▶ **WORK INSTRUCTION**
Examine each line of the data. Copy those that contain the string "blind".

[Saved entries]
_ _ _ _
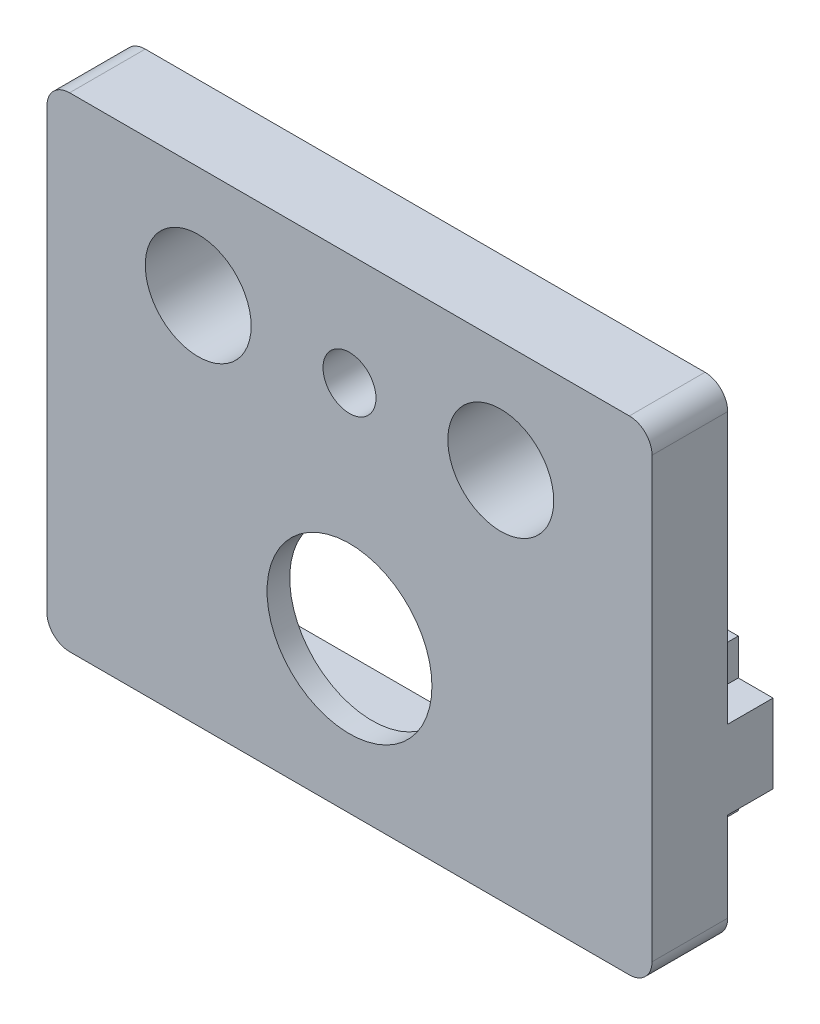
SolidWorks part; units mm, degrees
ref_plane "前视基准面" through (0, 0, 0) normal (0, 0, 1) x (1, 0, 0)
ref_plane "上视基准面" through (0, 0, 0) normal (0, 1, 0) x (1, 0, 0)
ref_plane "右视基准面" through (0, 0, 0) normal (1, 0, 0) x (0, 0, -1)
sketch "草图1" plane through (0, 0, 0) normal (0, 0, 1) x (1, 0, 0)
  line L1 (-9.5, -5.75) -> (9.5, -5.75)
  line L3 (-9.5, 5.75) -> (9.5, 5.75)
  line L5 (-20, -10) -> (20, -10)
  line L6 (-20, -10) -> (-20, 10)
  line L11 (-20, 10) -> (20, 10)
  line L12 (20, -10) -> (20, 10)
  line L13 (-20, -10) -> (20, 10) construction
  line L14 (-20, 10) -> (20, -10) construction
  arc A0 (9.5, -5.75) -> (9.5, 5.75) centre (-0.7708, 0) ccw
  arc A1 (-9.5, -5.75) -> (-9.5, 5.75) centre (0.7708, 0) cw
  point P0 (0, 0)
  point P6 (0, 0)
  point P7 (0, 0)
extrude "凸台-拉伸1" add sketch "草图1" along normal blind 3.5
sketch "草图2" plane through (0, 0, 3.5) normal (0, 0, 1) x (1, 0, 0)
  line L4 (20, -10) -> (20, 10)
  line L5 (20, 10) -> (-20, 10)
  line L6 (-20, 10) -> (-20, -10)
  line L7 (-20, -10) -> (20, -10)
  line L8 (20, -10) -> (20, 10)
  line L9 (20, 10) -> (-20, 10)
  line L10 (-20, 10) -> (-20, -10)
  line L11 (-20, -10) -> (20, -10)
  circle A0 centre (0, 0) radius 5.25
  dimension "D1" = 0
extrude "凸台-拉伸2" add sketch "草图2" along normal blind 1.5
sketch "草图3" plane through (0, 0, 5) normal (0, 0, 1) x (1, 0, 0)
  line L9 (-16.5607, 5.5) -> (-18.2, 5.5)
  line L13 (-13.9, -2.8393) -> (-13.9, 2.8393)
  line L19 (-16.5607, 5.5) -> (-13.9, 2.8393)
  line L22 (-18.2, 3.1) -> (-18.2, 5.5)
  line L23 (-18.2, 3.1) -> (-20, 3.1)
  line L24 (-18.2, -3.1) -> (-20, -3.1)
  line L25 (-18.2, -3.1) -> (-18.2, -5.5)
  line L28 (-16.5607, -5.5) -> (-13.9, -2.8393)
  line L32 (-16.5607, -5.5) -> (-18.2, -5.5)
  line L41 (18.2, 3.1) -> (20, 3.1)
  line L45 (18.2, 3.1) -> (18.2, 5.5)
  line L48 (16.5607, 5.5) -> (13.9, 2.8393)
  line L54 (13.9, -2.8393) -> (13.9, 2.8393)
  line L56 (16.5607, 5.5) -> (18.2, 5.5)
  line L63 (16.5607, -5.5) -> (18.2, -5.5)
  line L67 (16.5607, -5.5) -> (13.9, -2.8393)
  line L70 (18.2, -3.1) -> (18.2, -5.5)
  line L74 (18.2, -3.1) -> (20, -3.1)
  line L88 (-20, 3.1) -> (-20, -3.1)
  line L90 (20, 3.1) -> (20, -3.1)
  point P0 (-10, 0)
  point P8 (-10, 8.2)
  point P9 (-9.8043, 8.2)
  point P13 (-10, 8.2)
  point P20 (-5, 5)
  point P33 (-15, 5)
  point P50 (-15, -5)
  point P51 (-5, -5)
  point P52 (-10, -8.2)
  point P53 (-9.8043, -8.2)
  point P54 (10, 0)
  point P58 (10, 8.2)
  point P59 (10.1957, 8.2)
  point P63 (10, 8.2)
  point P70 (15, 5)
  point P83 (5, 5)
  point P102 (5, -5)
  point P103 (15, -5)
  point P104 (10, -8.2)
  point P105 (10.1957, -8.2)
extrude "凸台-拉伸3" add sketch "草图3" against normal blind 8
sketch "草图4" plane through (0, 0, 5) normal (0, 0, 1) x (1, 0, 0)
  line L3 (-20, 10) -> (-20, -10) construction
  line L6 (20, 10) -> (-20, 10)
  line L8 (-20, 10) -> (-20, 22)
  line L9 (-20, 22) -> (20, 22)
  line L10 (20, 22) -> (20, 10)
  circle A2 centre (-10, 14.64) radius 3.5
  circle A3 centre (10, 14.64) radius 3.5
  line M15 (20, 10) -> (-20, 10)
extrude "凸台-拉伸4" add sketch "草图4" against normal blind 5 contours L10 L9 L8 M15 region at (0, 16.2597, 5)
fillet "圆角1" radius 1.5 4 edges at (-20, 22, 2.5) (20, 22, 2.5) (20, -10, 2.5) (-20, -10, 2.5)
sketch "草图5" plane through (0, 0, 5) normal (0, 0, 1) x (1, 0, 0)
  circle A0 centre (0, 14.64) radius 1.75
extrude "切除-拉伸1" cut sketch "草图5" against normal blind 5
sketch "草图6" plane through (0, 0, -3) normal (0, 0, -1) x (-1, 0, 0)
  line L0 (-18.2, 5.5) -> (-18.2, 3.1) construction
  line L1 (-18.2, 3.1) -> (-20, 3.1) construction
  line L2 (-20, 3.1) -> (-20, -3.1) construction
  line L3 (-20, -3.1) -> (-18.2, -3.1) construction
  line L4 (-18.2, -3.1) -> (-18.2, -5.5) construction
  line L5 (-18.2, -5.5) -> (-16.5607, -5.5) construction
  line L6 (-16.5607, -5.5) -> (-13.9, -2.8393) construction
  line L7 (-13.9, -2.8393) -> (-13.9, 2.8393) construction
  line L8 (-13.9, 2.8393) -> (-16.5607, 5.5) construction
  line L9 (-16.5607, 5.5) -> (-18.2, 5.5) construction
  line L10 (18.2, -5.5) -> (18.2, -3.1) construction
  line L11 (18.2, -3.1) -> (20, -3.1) construction
  line L12 (20, -3.1) -> (20, 3.1) construction
  line L13 (20, 3.1) -> (18.2, 3.1) construction
  line L14 (18.2, 3.1) -> (18.2, 5.5) construction
  line L15 (18.2, 5.5) -> (16.5607, 5.5) construction
  line L16 (16.5607, 5.5) -> (13.9, 2.8393) construction
  line L17 (13.9, 2.8393) -> (13.9, -2.8393) construction
  line L18 (13.9, -2.8393) -> (16.5607, -5.5) construction
  line L19 (16.5607, -5.5) -> (18.2, -5.5) construction
  line L20 (-18.2, 5.5) -> (-18.2, 3.1)
  line L21 (-18.2, 3.1) -> (-20, 3.1)
  line L22 (-20, 3.1) -> (-20, 2.6)
  line L23 (-20, -3.1) -> (-18.2, -3.1)
  line L24 (-18.2, -3.1) -> (-18.2, -5.5)
  line L25 (-18.2, -5.5) -> (-16.5607, -5.5)
  line L26 (-16.5607, -5.5) -> (-13.9, -2.8393)
  line L27 (-13.9, -2.8393) -> (-13.9, 2.8393)
  line L28 (-13.9, 2.8393) -> (-16.5607, 5.5)
  line L29 (-16.5607, 5.5) -> (-18.2, 5.5)
  line L30 (18.2, -5.5) -> (18.2, -3.1)
  line L31 (18.2, -3.1) -> (20, -3.1)
  line L32 (20, -3.1) -> (20, -2.6)
  line L33 (20, 3.1) -> (18.2, 3.1)
  line L34 (18.2, 3.1) -> (18.2, 5.5)
  line L35 (18.2, 5.5) -> (16.5607, 5.5)
  line L36 (16.5607, 5.5) -> (13.9, 2.8393)
  line L37 (13.9, 2.8393) -> (13.9, -2.8393)
  line L38 (13.9, -2.8393) -> (16.5607, -5.5)
  line L39 (16.5607, -5.5) -> (18.2, -5.5)
  line L40 (-20, -2.6) -> (-20, -3.1)
  line L41 (19.5, -2.6) -> (20, -2.6)
  line L42 (19.5, 2.6) -> (20, 2.6)
  line L43 (20, 2.6) -> (20, 3.1)
  line L70 (-17.7, 5) -> (-17.7, 2.6)
  line L71 (-17.7, 2.6) -> (-19.5, 2.6)
  line L72 (-19.5, 2.6) -> (-19.5, -2.6)
  line L73 (-19.5, -2.6) -> (-17.7, -2.6)
  line L74 (-17.7, -2.6) -> (-17.7, -5)
  line L75 (-17.7, -5) -> (-16.7678, -5)
  line L76 (-16.7678, -5) -> (-14.4, -2.6322)
  line L77 (-14.4, -2.6322) -> (-14.4, 2.6322)
  line L78 (-14.4, 2.6322) -> (-16.7678, 5)
  line L79 (-16.7678, 5) -> (-17.7, 5)
  line L80 (-17.7, 5) -> (-17.7, 2.6)
  line L81 (-17.7, 2.6) -> (-19.5, 2.6)
  line L83 (-19.5, -2.6) -> (-17.7, -2.6)
  line L84 (-17.7, -2.6) -> (-17.7, -5)
  line L85 (-17.7, -5) -> (-16.7678, -5)
  line L86 (-16.7678, -5) -> (-14.4, -2.6322)
  line L87 (-14.4, -2.6322) -> (-14.4, 2.6322)
  line L88 (-14.4, 2.6322) -> (-16.7678, 5)
  line L89 (-16.7678, 5) -> (-17.7, 5)
  line L90 (-19.5, -2.6) -> (-20, -2.6)
  line L91 (-19.5, 2.6) -> (-20, 2.6)
  line L100 (17.7, -5) -> (17.7, -2.6)
  line L101 (17.7, -2.6) -> (19.5, -2.6)
  line L102 (19.5, -2.6) -> (19.5, 2.6)
  line L103 (19.5, 2.6) -> (17.7, 2.6)
  line L104 (17.7, 2.6) -> (17.7, 5)
  line L105 (17.7, 5) -> (16.7678, 5)
  line L106 (16.7678, 5) -> (14.4, 2.6322)
  line L107 (14.4, 2.6322) -> (14.4, -2.6322)
  line L108 (14.4, -2.6322) -> (16.7678, -5)
  line L109 (16.7678, -5) -> (17.7, -5)
  line L110 (17.7, -5) -> (17.7, -2.6)
  line L111 (17.7, -2.6) -> (19.5, -2.6)
  line L113 (19.5, 2.6) -> (17.7, 2.6)
  line L114 (17.7, 2.6) -> (17.7, 5)
  line L115 (17.7, 5) -> (16.7678, 5)
  line L116 (16.7678, 5) -> (14.4, 2.6322)
  line L117 (14.4, 2.6322) -> (14.4, -2.6322)
  line L118 (14.4, -2.6322) -> (16.7678, -5)
  line L119 (16.7678, -5) -> (17.7, -5)
  dimension "D1" = 0.5
  dimension "D2" = 0.5
extrude "切除-拉伸2" cut sketch "草图6" against normal blind 3
sketch "草图7" plane through (0, 0, 0) normal (0, 0, -1) x (-1, 0, 0)
  line L4 (9.6166, 5.95) -> (-9.6166, 5.95)
  line L5 (-9.6166, -5.95) -> (9.6166, -5.95)
  line L6 (9.6166, 5.95) -> (-9.6166, 5.95)
  line L7 (-9.6166, -5.95) -> (9.6166, -5.95)
  arc A4 (9.6166, -5.95) -> (9.6166, 5.95) centre (-0.7708, 0) ccw
  arc A5 (-9.6166, 5.95) -> (-9.6166, -5.95) centre (0.7708, 0) ccw
  arc A6 (9.6166, -5.95) -> (9.6166, 5.95) centre (-0.7708, 0) ccw
  arc A7 (-9.6166, 5.95) -> (-9.6166, -5.95) centre (0.7708, 0) ccw
  dimension "D1" = 0.2
extrude "切除-拉伸3" cut sketch "草图7" against normal blind 3.5
sketch "草图8" plane through (0, 0, 5) normal (0, 0, 1) x (1, 0, 0)
  circle A0 centre (0, 0) radius 5.25 construction
  circle A1 centre (0, 0) radius 5.25
  circle A2 centre (0, 0) radius 5.45
  dimension "D1" = 0.2
extrude "切除-拉伸4" cut sketch "草图8" against normal blind 3.5
_ _ _ _
▶ **ANSWER TO THIS TASK**
extrude "凸台-拉伸1" add sketch "草图1" along normal blind 3.5
extrude "凸台-拉伸2" add sketch "草图2" along normal blind 1.5
extrude "凸台-拉伸3" add sketch "草图3" against normal blind 8
extrude "凸台-拉伸4" add sketch "草图4" against normal blind 5 contours L10 L9 L8 M15 region at (0, 16.2597, 5)
extrude "切除-拉伸1" cut sketch "草图5" against normal blind 5
extrude "切除-拉伸2" cut sketch "草图6" against normal blind 3
extrude "切除-拉伸3" cut sketch "草图7" against normal blind 3.5
extrude "切除-拉伸4" cut sketch "草图8" against normal blind 3.5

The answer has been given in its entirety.